At least for this bride-to-be, planning a wedding is not all it's cracked up to be. Given the family dynamics, budget worries, and blood, sweat, and tears it has taken to find reasonable vendors who understand our vision, the whole fiasco been a much more stressful process than I could have ever imagined. That's something Hollywood sure doesn't tell you in rom-coms. And if you start to feel bogged down by all the minute, painstaking details of the day, you better believe it can be a challenge to keep romance alive with your partner.
Thankfully, there are measures you can take to keep the peace and prevent a relationship meltdown on your way down the aisle ...

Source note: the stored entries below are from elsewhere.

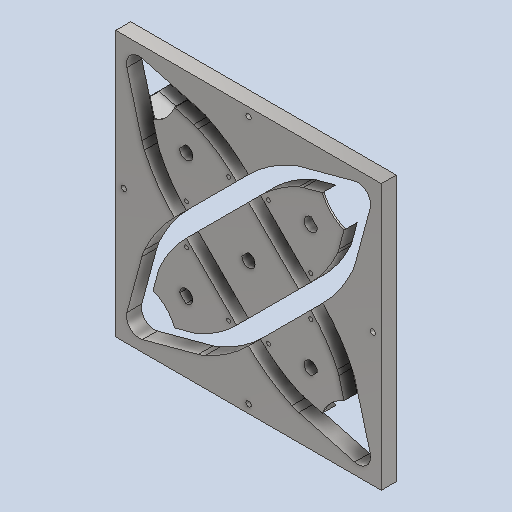
# Autodesk Inventor part: GuidePlateMetal
Saved by Autodesk Inventor 2022 (Build 260153000, 153)
## iProperties
Created: 2020-03-15
Part Number: GuidePlateMetal
Material: Generic
Document SubType Name: Modeling
Designer: elmar
Density: 1 g/cm^3
Appearance: Default
Author: elmar
Autodesk Inventor part; units mm, degrees
ref_plane "YZ Plane" through (0, 0, 0) normal (1, 0, 0) x (0, 1, 0)
ref_plane "XZ Plane" through (0, 0, 0) normal (0, 1, 0) x (-1, 0, 0)
sketch "Sketch41" plane through (0, 0, 0) normal (0, 0, 1) x (1, 0, 0)
  line L0 (80, -80) -> (-80, -80)
  line L1 (-80, -80) -> (-80, 80)
  line L2 (-80, 80) -> (80, 80)
  line L3 (80, 80) -> (80, -80)
  line L4 (80, -80) -> (-80, 80) construction
  line L5 (-80, -80) -> (80, 80) construction
  circle A0 centre (-37.5, 37.5) radius 37.5
  line L6 (0, -112) -> (0, 112) projected
  line L7 (-112, 0) -> (112, 0) projected
  circle A1 centre (-37.5, 37.5) radius 31.6165
  circle A2 centre (-37.5, 37.5) radius 21.4165
  circle A3 centre (37.5, -37.5) radius 31.6165
  circle A4 centre (37.5, -37.5) radius 21.4165
  line L8 (59.8562, -15.1438) -> (-15.1438, 59.8562)
  line L9 (52.6438, -22.3562) -> (-22.3562, 52.6438)
  line L10 (15.1438, -59.8562) -> (-59.8562, 15.1438)
  line L11 (22.3562, -52.6438) -> (-52.6438, 22.3562)
  circle A5 centre (-37.5, -37.5) radius 31.6165
  circle A6 centre (-37.5, -37.5) radius 21.4165
  circle A7 centre (37.5, 37.5) radius 31.6165
  circle A8 centre (37.5, 37.5) radius 21.4165
  line L12 (59.8562, 15.1438) -> (-15.1438, -59.8562)
  line L13 (52.6438, 22.3562) -> (-22.3562, -52.6438)
  line L14 (15.1438, 59.8562) -> (-59.8562, -15.1438)
  line L15 (22.3562, 52.6438) -> (-52.6438, -22.3562)
  line L16 (-37.5, 37.5) -> (-37.5, -37.5)
  circle A9 centre (-60.481, 60.481) radius 5
  line L17 (-49.8744, 49.8744) -> (-71.0876, 71.0876)
  arc A10 (-49.8744, 49.8744) -> (-71.0876, 71.0876) centre (-74.6231, 46.3388) ccw
  arc A11 (-71.0876, 71.0876) -> (-49.8744, 49.8744) centre (-46.3388, 74.6231) ccw
  arc A12 (-49.6403, 49.6403) -> (-71.3216, 71.3216) centre (-74.6231, 46.3388) ccw
  arc A13 (-71.3216, 71.3216) -> (-49.6403, 49.6403) centre (-46.3388, 74.6231) ccw
  line L18 (53.6853, -18.7098) -> (35.2271, 4.9396)
  circle A14 centre (44.4562, -6.8851) radius 5
  arc A15 (35.2271, 4.9396) -> (53.6853, -18.7098) centre (60.2225, 5.4203) ccw
  arc A16 (53.6853, -18.7098) -> (35.2271, 4.9396) centre (28.6899, -19.1906) ccw
  circle A17 centre (-37.5, 37.5) radius 17.5
  circle A18 centre (-37.5, 37.5) radius 7.5
  line L19 (-71.3216, 71.3216) -> (-49.6403, 49.6403)
  line L20 (-52.6438, 22.3562) -> (-59.8562, 15.1438)
  arc A19 (-62.7512, 26.1128) -> (-44.7125, 0) centre (17.6641, 62.3766) ccw
  arc A20 (-53.4529, 30.3059) -> (-37.5, 7.2125) centre (17.6641, 62.3766) ccw
  arc A21 (0, 44.7125) -> (-26.1128, 62.7512) centre (-62.3766, -17.6641) ccw
  arc A22 (-7.2125, 37.5) -> (-30.3059, 53.4529) centre (-62.3766, -17.6641) ccw
  line L21 (-37.5, 37.5) -> (-26.1128, 62.7512)
  circle A23 centre (-37.5, 37.5) radius 27.7
  circle A24 centre (-65.9013, 65.9013) radius 7.6655
  line L22 (-73.1417, 68.4185) -> (-44.18, 58.3498)
  line L23 (-73.5645, 66.0883) -> (-42.9116, 65.3403)
  line L24 (-73.038, 68.6991) -> (-44.4913, 57.5078)
  line L25 (-30.2936, 64.2462) -> (-63.9071, 73.3029)
  line L26 (-32.9472, 54.3974) -> (-44.4913, 57.5078)
  arc A25 (-60.0448, 43.663) -> (-44.4913, 57.5078) centre (-65.9013, 65.9013) ccw
  line L27 (-64.2462, 30.2936) -> (-73.3029, 63.9071)
  line L28 (-54.3974, 32.9472) -> (-57.5078, 44.4913)
  circle A26 centre (-37.5, 37.5) radius 4
  line L29 (-37.7505, 41.4921) -> (-41.4921, 37.7505)
  circle A27 centre (0, 0) radius 4
  line L30 (-0.2505, 3.9921) -> (-3.9921, 0.2505)
  point P0 (-37.5, 7.2125)
  point P1 (44.7125, 0)
  point P2 (-30.2875, 0)
  point P3 (-60.481, 60.481)
  dimension "d1039" = 35
  dimension "TrackWidth" = 10.2
  dimension "d715" = 160
  dimension "d718" = 75
  dimension "d721" = 10
  dimension "d722" = 30
  dimension "d723" = 0.2
  dimension "d1003" = 10
  dimension "d1004" = 30
  dimension "d1040" = 15
  dimension "d1487" = 8
  dimension "d1488" = 3
  constraints: 58 end point, 36 point on circle, 19 centre point, 17 point on line, 15 symmetric about line, 11 tangent, 9 coincident, 5 equal length, 5 horizontal, 5 parallel, 4 midpoint, 3 equal radius, 3 perpendicular, 1 concentric, 62 other
  measures "d715" distance of L1.end L2.end
  measures "d718" diameter of A0
  measures "d721" diameter of A9
  measures "d722" distance of L17.end L17.start
  measures "d723" radial gap between concentric circles of A10 A12
  measures "d1003" diameter of A14
  measures "d1004" distance of L18.start L18.end
  measures "d1040" diameter of A18
  measures "d1487" diameter of A26
  measures "d1488" distance from line of A0.centre L29
extrude "Extrusion39" add sketch "Sketch41" along normal blind 8
sketch "Sketch42" plane through (0, 0, 0) normal (0, 0, -1) x (-1, 0, 0)
  circle A0 centre (37.5, 37.5) radius 31.6165 projected
  circle A1 centre (37.5, 37.5) radius 21.4165 projected
  line L0 (-59.8562, -15.1438) -> (15.1438, 59.8562) projected
  line L1 (-52.6438, -22.3562) -> (22.3562, 52.6438) projected
  line L2 (-59.8562, 15.1438) -> (15.1438, -59.8562) projected
  line L3 (-15.1438, 59.8562) -> (59.8562, -15.1438) projected
  line L4 (-22.3562, -52.6438) -> (52.6438, 22.3562) projected
  line L5 (-15.1438, -59.8562) -> (59.8562, 15.1438) projected
  line L6 (-22.3562, 52.6438) -> (52.6438, -22.3562) projected
  arc A2 (44.7125, 0) -> (62.7512, 26.1128) centre (-17.6641, 62.3766) ccw projected
  arc A3 (37.5, 7.2125) -> (53.4529, 30.3059) centre (-17.6641, 62.3766) ccw projected
  arc A4 (26.1128, 62.7512) -> (0, 44.7125) centre (62.3766, -17.6641) ccw projected
  arc A5 (30.3059, 53.4529) -> (7.2125, 37.5) centre (62.3766, -17.6641) ccw projected
  line L7 (32.9472, 54.3974) -> (44.4913, 57.5078) projected
  arc A6 (44.4913, 57.5078) -> (60.0448, 43.663) centre (65.9013, 65.9013) ccw projected
  line L8 (54.3974, 32.9472) -> (57.5078, 44.4913) projected
  line L9 (30.2936, 64.2462) -> (63.9071, 73.3029) projected
  line L10 (64.2462, 30.2936) -> (73.3029, 63.9071) projected
  circle A7 centre (65.9013, 65.9013) radius 7.6655 projected
  circle A8 centre (37.5, 37.5) radius 17.5 projected
  circle A9 centre (37.5, 37.5) radius 27.7 projected
  point P0 (0, 0)
  point P1 (-44.7125, 0)
  point P2 (-37.5, -7.2125)
  point P3 (37.5, 7.2125)
  point P4 (44.7125, 0)
  point P5 (5.9103, 36.1978)
  point P6 (38.8022, 5.9103)
  point P7 (36.1978, 5.9103)
  point P8 (-7.2125, -37.5)
  point P9 (0, -44.7125)
  point P10 (7.2125, 37.5)
  point P11 (0, 44.7125)
  point P12 (5.9103, 38.8022)
  point P13 (60.5726, 60.5726)
  point P14 (10.2177, 53.4775)
  point P15 (53.4775, 10.2177)
  point P16 (-7.2125, 37.5)
  point P17 (30.2875, 0)
  point P18 (44.7125, 0)
  point P19 (47.9316, 51.551)
  point P20 (51.551, 47.9316)
  point P21 (45.0106, 68.2115)
  point P22 (68.2115, 45.0106)
  point P23 (0, 44.7125)
extrude "Extrusion40" cut sketch "Sketch42" against normal through all contours A2 L3 A0 | A0 L3 L4 A9 A2 | L10 A9 L9 A0 | A0 L9 A7 L10 | A9 L4 A1 L1 | A7 | L4 L6 A0 | A0 L1 L3 A9 L4 | A3 A9 L4 | A9 A3 A1 L4 | L6 L1 A0 | A9 L3 | A1 A3 A8 L8 A6 | A4 A9 L1 L3 A0 | A0 L3 A4 | L3 A0 L1 L6 L0 | A0 L3 L1 | A9 A5 L1 | L1 A1 A5 A9 | A1 A6 A8 L7 A5 | A6 A8 picked at (49.9917, 49.5888)
ref_plane "Work Plane2" through (0, 0, 7) normal (0, 0, 1) x (1, 0, 0)
extrude "Extrusion73" cut sketch "Sketch41" along normal through all contours A26 L16 L21 | L21 L16 A26 L29
extrude "Extrusion74" cut sketch "Sketch41" along normal through all contours A27 L7 L6 | L6 L7 A27 | L7 A27 L30 L6 | L6 A27 L7
ref_plane "Work Plane3" through (-80, 80, 0) normal (0.7071068, 0.7071068, 0) x (0, 0, 1)
pattern_circular "Circular Pattern6" count 4 over 360 about axis through (0, 0, -10) along (0, 0, 1) of "Extrusion40", "Extrusion73"
ref_plane "Work Plane6" through (-37.5, 7.2125, 7) normal (0, 0, 1) x (0.7071068, -0.7071068, 0)
sketch "Sketch75" plane through (0, 0, 7) normal (0, 0, -1) x (-1, 0, 0)
  arc A0 (37.5, 7.2125) -> (53.4529, 30.3059) centre (-17.6641, 62.3766) ccw projected
  arc A1 (53.4529, 30.3059) -> (54.3974, 32.9472) centre (37.5, 37.5) ccw projected
  line L0 (54.3974, 32.9472) -> (57.5078, 44.4913) projected
  arc A2 (44.4913, 57.5078) -> (57.5078, 44.4913) centre (65.9013, 65.9013) ccw projected
  line L1 (44.4913, 57.5078) -> (32.9472, 54.3974) projected
  arc A3 (32.9472, 54.3974) -> (30.3059, 53.4529) centre (37.5, 37.5) ccw projected
  arc A4 (30.3059, 53.4529) -> (7.2125, 37.5) centre (62.3766, -17.6641) ccw projected
  line L2 (7.2125, 37.5) -> (37.5, 7.2125) projected
  line L3 (-112, -112) -> (112, 112) projected
  line L4 (14.4366, 31.6901) -> (37.2742, 54.5276)
  line L5 (37.2742, 54.5276) -> (43.0737, 56.0902)
  line L6 (43.0737, 56.0902) -> (44.4913, 57.5078)
  line L7 (37.5, 37.5) -> (22.3562, 22.3562) construction
  line L8 (37.5, 7.2125) -> (7.2125, 37.5) projected
  line L9 (33.9645, 41.0355) -> (18.8207, 25.8918)
  line L10 (25.8918, 18.8207) -> (41.0355, 33.9645)
  arc A5 (41.0355, 33.9645) -> (33.9645, 41.0355) centre (37.5, 37.5) ccw
  arc A6 (18.8207, 25.8918) -> (25.8918, 18.8207) centre (22.3562, 22.3562) ccw
  line L11 (14.4366, 31.6901) -> (19.5278, 26.5989)
  arc A7 (44.4913, 57.5078) -> (57.5078, 44.4913) centre (65.9013, 65.9013) ccw projected
  line L12 (31.6901, 14.4366) -> (54.5276, 37.2742)
  line L13 (54.5276, 37.2742) -> (56.0902, 43.0737)
  line L14 (56.0902, 43.0737) -> (57.5078, 44.4913)
  line L15 (31.6901, 14.4366) -> (26.5989, 19.5278)
  point P0 (0, 0)
  point P1 (57.5078, 44.4913)
  dimension "d1056" = 5
  dimension "d1057" = 1
  dimension "SpringTipGuideWidth" = 7.2
  dimension "d1059" = 1
  constraints: 24 end point, 5 symmetric about line, 4 parallel, 4 point on circle, 4 tangent, 3 point on line, 2 centre point, 1 midpoint, 1 perpendicular
  measures "d1056" radius of A5
  measures "d1057" distance between parallel lines of L5 L1
  measures "SpringTipGuideWidth" distance of L4.start L11.end
  measures "d1059" distance between parallel lines of L8 L11
extrude "Extrusion50" cut sketch "Sketch75" along normal up to surface (7 mm away) contours L10 A5 L3 A2 L14 L13 L12 L15 | A5 L9 L11 L4 L5 L6 A2 L3
sketch "Sketch79" plane through (0, 0, 7) normal (0, 0, -1) x (-1, 0, 0)
  line L0 (-30.2875, 0) -> (0, 30.2875) projected
  line L1 (0, 30.2875) -> (30.2875, 0) projected
  line L2 (30.2875, 0) -> (0, -30.2875) projected
  line L3 (0, -30.2875) -> (-30.2875, 0) projected
  line L4 (54.3974, -32.9472) -> (57.5078, -44.4913) projected
  arc A0 (57.5078, -44.4913) -> (44.4913, -57.5078) centre (65.9013, -65.9013) ccw projected
  line L5 (44.4913, -57.5078) -> (32.9472, -54.3974) projected
  arc A1 (30.3059, -53.4529) -> (32.9472, -54.3974) centre (37.5, -37.5) ccw projected
  arc A2 (7.2125, -37.5) -> (30.3059, -53.4529) centre (62.3766, 17.6641) ccw projected
  line L6 (7.2125, -37.5) -> (37.5, -7.2125) projected
  arc A3 (53.4529, -30.3059) -> (37.5, -7.2125) centre (-17.6641, -62.3766) ccw projected
  arc A4 (54.3974, -32.9472) -> (53.4529, -30.3059) centre (37.5, -37.5) ccw projected
  arc A5 (-44.4913, -57.5078) -> (-57.5078, -44.4913) centre (-65.9013, -65.9013) ccw projected
  line L7 (-57.5078, -44.4913) -> (-54.3974, -32.9472) projected
  arc A6 (-53.4529, -30.3059) -> (-54.3974, -32.9472) centre (-37.5, -37.5) ccw projected
  arc A7 (-37.5, -7.2125) -> (-53.4529, -30.3059) centre (17.6641, -62.3766) ccw projected
  line L8 (-37.5, -7.2125) -> (-7.2125, -37.5) projected
  arc A8 (-30.3059, -53.4529) -> (-7.2125, -37.5) centre (-62.3766, 17.6641) ccw projected
  arc A9 (-32.9472, -54.3974) -> (-30.3059, -53.4529) centre (-37.5, -37.5) ccw projected
  line L9 (-32.9472, -54.3974) -> (-44.4913, -57.5078) projected
  line L10 (56.0902, 43.0737) -> (57.5078, 44.4913) projected
  arc A10 (44.4913, 57.5078) -> (57.5078, 44.4913) centre (65.9013, 65.9013) ccw projected
  line L11 (44.4913, 57.5078) -> (43.0737, 56.0902) projected
  line L12 (43.0737, 56.0902) -> (37.2742, 54.5276) projected
  line L13 (37.2742, 54.5276) -> (14.4366, 31.6901) projected
  line L14 (14.4366, 31.6901) -> (19.5278, 26.5989) projected
  line L15 (19.5278, 26.5989) -> (33.9645, 41.0355) projected
  arc A11 (41.0355, 33.9645) -> (33.9645, 41.0355) centre (37.5, 37.5) ccw projected
  line L16 (41.0355, 33.9645) -> (26.5989, 19.5278) projected
  line L17 (26.5989, 19.5278) -> (31.6901, 14.4366) projected
  line L18 (31.6901, 14.4366) -> (54.5276, 37.2742) projected
  line L19 (54.5276, 37.2742) -> (56.0902, 43.0737) projected
  line L20 (57.5078, 44.4913) -> (54.3974, 32.9472) projected
  arc A12 (53.4529, 30.3059) -> (54.3974, 32.9472) centre (37.5, 37.5) ccw projected
  arc A13 (37.5, 7.2125) -> (53.4529, 30.3059) centre (-17.6641, 62.3766) ccw projected
  line L21 (37.5, 7.2125) -> (7.2125, 37.5) projected
  arc A14 (30.3059, 53.4529) -> (7.2125, 37.5) centre (62.3766, -17.6641) ccw projected
  arc A15 (32.9472, 54.3974) -> (30.3059, 53.4529) centre (37.5, 37.5) ccw projected
  line L22 (32.9472, 54.3974) -> (44.4913, 57.5078) projected
  arc A16 (0, 44.7125) -> (-26.1128, 62.7512) centre (-62.3766, -17.6641) ccw projected
  arc A17 (-26.1128, 62.7512) -> (-30.2936, 64.2462) centre (-37.5, 37.5) ccw projected
  line L23 (-30.2936, 64.2462) -> (-63.9071, 73.3029) projected
  arc A18 (-63.9071, 73.3029) -> (-73.3029, 63.9071) centre (-65.9013, 65.9013) ccw projected
  line L24 (-73.3029, 63.9071) -> (-64.2462, 30.2936) projected
  arc A19 (-64.2462, 30.2936) -> (-62.7512, 26.1128) centre (-37.5, 37.5) ccw projected
  arc A20 (-62.7512, 26.1128) -> (-44.7125, 0) centre (17.6641, 62.3766) ccw projected
  arc A21 (-44.7125, 0) -> (-62.7512, -26.1128) centre (17.6641, -62.3766) ccw projected
  arc A22 (-62.7512, -26.1128) -> (-64.2462, -30.2936) centre (-37.5, -37.5) ccw projected
  line L25 (-64.2462, -30.2936) -> (-73.3029, -63.9071) projected
  arc A23 (-73.3029, -63.9071) -> (-63.9071, -73.3029) centre (-65.9013, -65.9013) ccw projected
  line L26 (-63.9071, -73.3029) -> (-30.2936, -64.2462) projected
  arc A24 (-30.2936, -64.2462) -> (-26.1128, -62.7512) centre (-37.5, -37.5) ccw projected
  arc A25 (-26.1128, -62.7512) -> (0, -44.7125) centre (-62.3766, 17.6641) ccw projected
  arc A26 (0, -44.7125) -> (26.1128, -62.7512) centre (62.3766, 17.6641) ccw projected
  arc A27 (26.1128, -62.7512) -> (30.2936, -64.2462) centre (37.5, -37.5) ccw projected
  line L27 (30.2936, -64.2462) -> (63.9071, -73.3029) projected
  arc A28 (63.9071, -73.3029) -> (73.3029, -63.9071) centre (65.9013, -65.9013) ccw projected
  line L28 (73.3029, -63.9071) -> (64.2462, -30.2936) projected
  arc A29 (64.2462, -30.2936) -> (62.7512, -26.1128) centre (37.5, -37.5) ccw projected
  arc A30 (62.7512, -26.1128) -> (44.7125, 0) centre (-17.6641, -62.3766) ccw projected
  arc A31 (44.7125, 0) -> (62.7512, 26.1128) centre (-17.6641, 62.3766) ccw projected
  arc A32 (62.7512, 26.1128) -> (64.2462, 30.2936) centre (37.5, 37.5) ccw projected
  line L29 (64.2462, 30.2936) -> (73.3029, 63.9071) projected
  arc A33 (73.3029, 63.9071) -> (63.9071, 73.3029) centre (65.9013, 65.9013) ccw projected
  line L30 (63.9071, 73.3029) -> (30.2936, 64.2462) projected
  arc A34 (30.2936, 64.2462) -> (26.1128, 62.7512) centre (37.5, 37.5) ccw projected
  arc A35 (26.1128, 62.7512) -> (0, 44.7125) centre (62.3766, -17.6641) ccw projected
  line L31 (80, 80) -> (80, -80) projected
  line L32 (80, -80) -> (-80, -80) projected
  line L33 (-80, -80) -> (-80, 80) projected
  line L34 (-80, 80) -> (80, 80) projected
  line L35 (-54.3974, 32.9472) -> (-57.5078, 44.4913) projected
  arc A36 (-57.5078, 44.4913) -> (-44.4913, 57.5078) centre (-65.9013, 65.9013) ccw projected
  line L36 (-44.4913, 57.5078) -> (-32.9472, 54.3974) projected
  arc A37 (-30.3059, 53.4529) -> (-32.9472, 54.3974) centre (-37.5, 37.5) ccw projected
  arc A38 (-7.2125, 37.5) -> (-30.3059, 53.4529) centre (-62.3766, -17.6641) ccw projected
  line L37 (-7.2125, 37.5) -> (-37.5, 7.2125) projected
  arc A39 (-53.4529, 30.3059) -> (-37.5, 7.2125) centre (17.6641, 62.3766) ccw projected
  arc A40 (-54.3974, 32.9472) -> (-53.4529, 30.3059) centre (-37.5, 37.5) ccw projected
  line L38 (57.5599, 44.6849) -> (56.0006, 43.1255)
  line L39 (56.0006, 43.1255) -> (54.438, 37.326)
  line L40 (54.438, 37.326) -> (31.6901, 14.5781)
  line L41 (31.6901, 14.5781) -> (26.7403, 19.5278)
  line L42 (26.7403, 19.5278) -> (41.1062, 33.8938)
  arc A41 (41.1062, 33.8938) -> (33.8938, 41.1062) centre (37.5, 37.5) ccw
  line L43 (33.8938, 41.1062) -> (19.5278, 26.7403)
  line L44 (19.5278, 26.7403) -> (14.5781, 31.6901)
  line L45 (14.5781, 31.6901) -> (37.326, 54.438)
  line L46 (37.326, 54.438) -> (43.1255, 56.0006)
  line L47 (43.1255, 56.0006) -> (44.6849, 57.5599)
  line L48 (23.0414, 40.1534) -> (27.9912, 35.2037)
  line L49 (44.6849, 57.5599) -> (55.0263, 60.3463)
  line L50 (44.4913, 57.5078) -> (32.9472, 54.3974) projected
  line L51 (38.7997, 55.9117) -> (37.4678, 54.5797)
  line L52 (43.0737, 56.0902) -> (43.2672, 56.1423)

- Make sure to establish solid ground rules from the get-go. You may have your heart set on a hometown bonanza, while he wants a destination fete. You may be thinking your parents can contribute to the bottom line, while he wants to try to avoid getting any financial help. The best way to shoot for smooth sailing is to hammer these issues out from the start ... (Although, that doesn't ensure disagreements about this very things won't still arise.)
- Don't push him to handle the details he couldn't care less about. It may sound old-school, but some grooms just want to stay on the sidelines 'til the Big Day. If he's not really feelin' writing a braggy bio for the wedding website or doesn't have any opinion on boutonnieres vs. pocket squares, don't press him. It's okay to make an executive decision, then move on.
- Be cool with being The Bride. We hear about bridezillas all the time, but I've known more brides who have an issue taking charge and find themselves walked all over by family and friends. Worst case scenario: This can lead to resentment and, in turn, conflict. But by getting more comfy with asserting yourself, you can keep things firing on all cylinders with the wedding -- and healthy communication with your fiance.
- Try not to live with your in-laws. Yeah, it may be tempting for you and your finace to shack up with your honey's parents or your parents in order to save some cash for the wedding -- or a downpayment. Plenty of couples do it ... but it's bound to create nothing but TROUBLE. Trust me on this one!
- Don't go to town criticizing his parents/family when they overstep their bounds. Obviously, you're going to have to vent at some point, but there's definitely a time and a place, and you gotta know when to put a lid on it, because sooner or later, it'll lead to ...
- Don't get too defensive when he criticizes your parents/family. He's probably making a valid point, which you've got to acknowledge … But then, you gotta do your best to resolve the issue asap -- while avoiding more finger-pointing.
- Try not to let the wedding take over your lives. Some days it may seem impossible, because the Wedding Beast has cravings: contracts to be signed, vendors to be interviewed, dresses to try on, stores to register in, etc. But it's best to make sure you carve out time together in which you completely avoid wedding business. Or designate a specific time/day to handle a few to-dos at once.
- Feel free to yell, scream, cry, throw your hands up in disgust, etc. We're brainwashed to think the whole wedding planning process is going to be blissful from the time he puts a ring on it to the moment you become husband and wife. But it's not. And repressing any anxiety, anger, annoyance, etc. won't do any relationship any favors. Better to be open and honest with your partner before the Big Day. And besides, it's good practice ... After all, whoever said a lifetime with another person would be conflict-free?
How did you/would you avoid killing the romance while planning your wedding? What's the biggest hurdle you and your fiance faced during the process?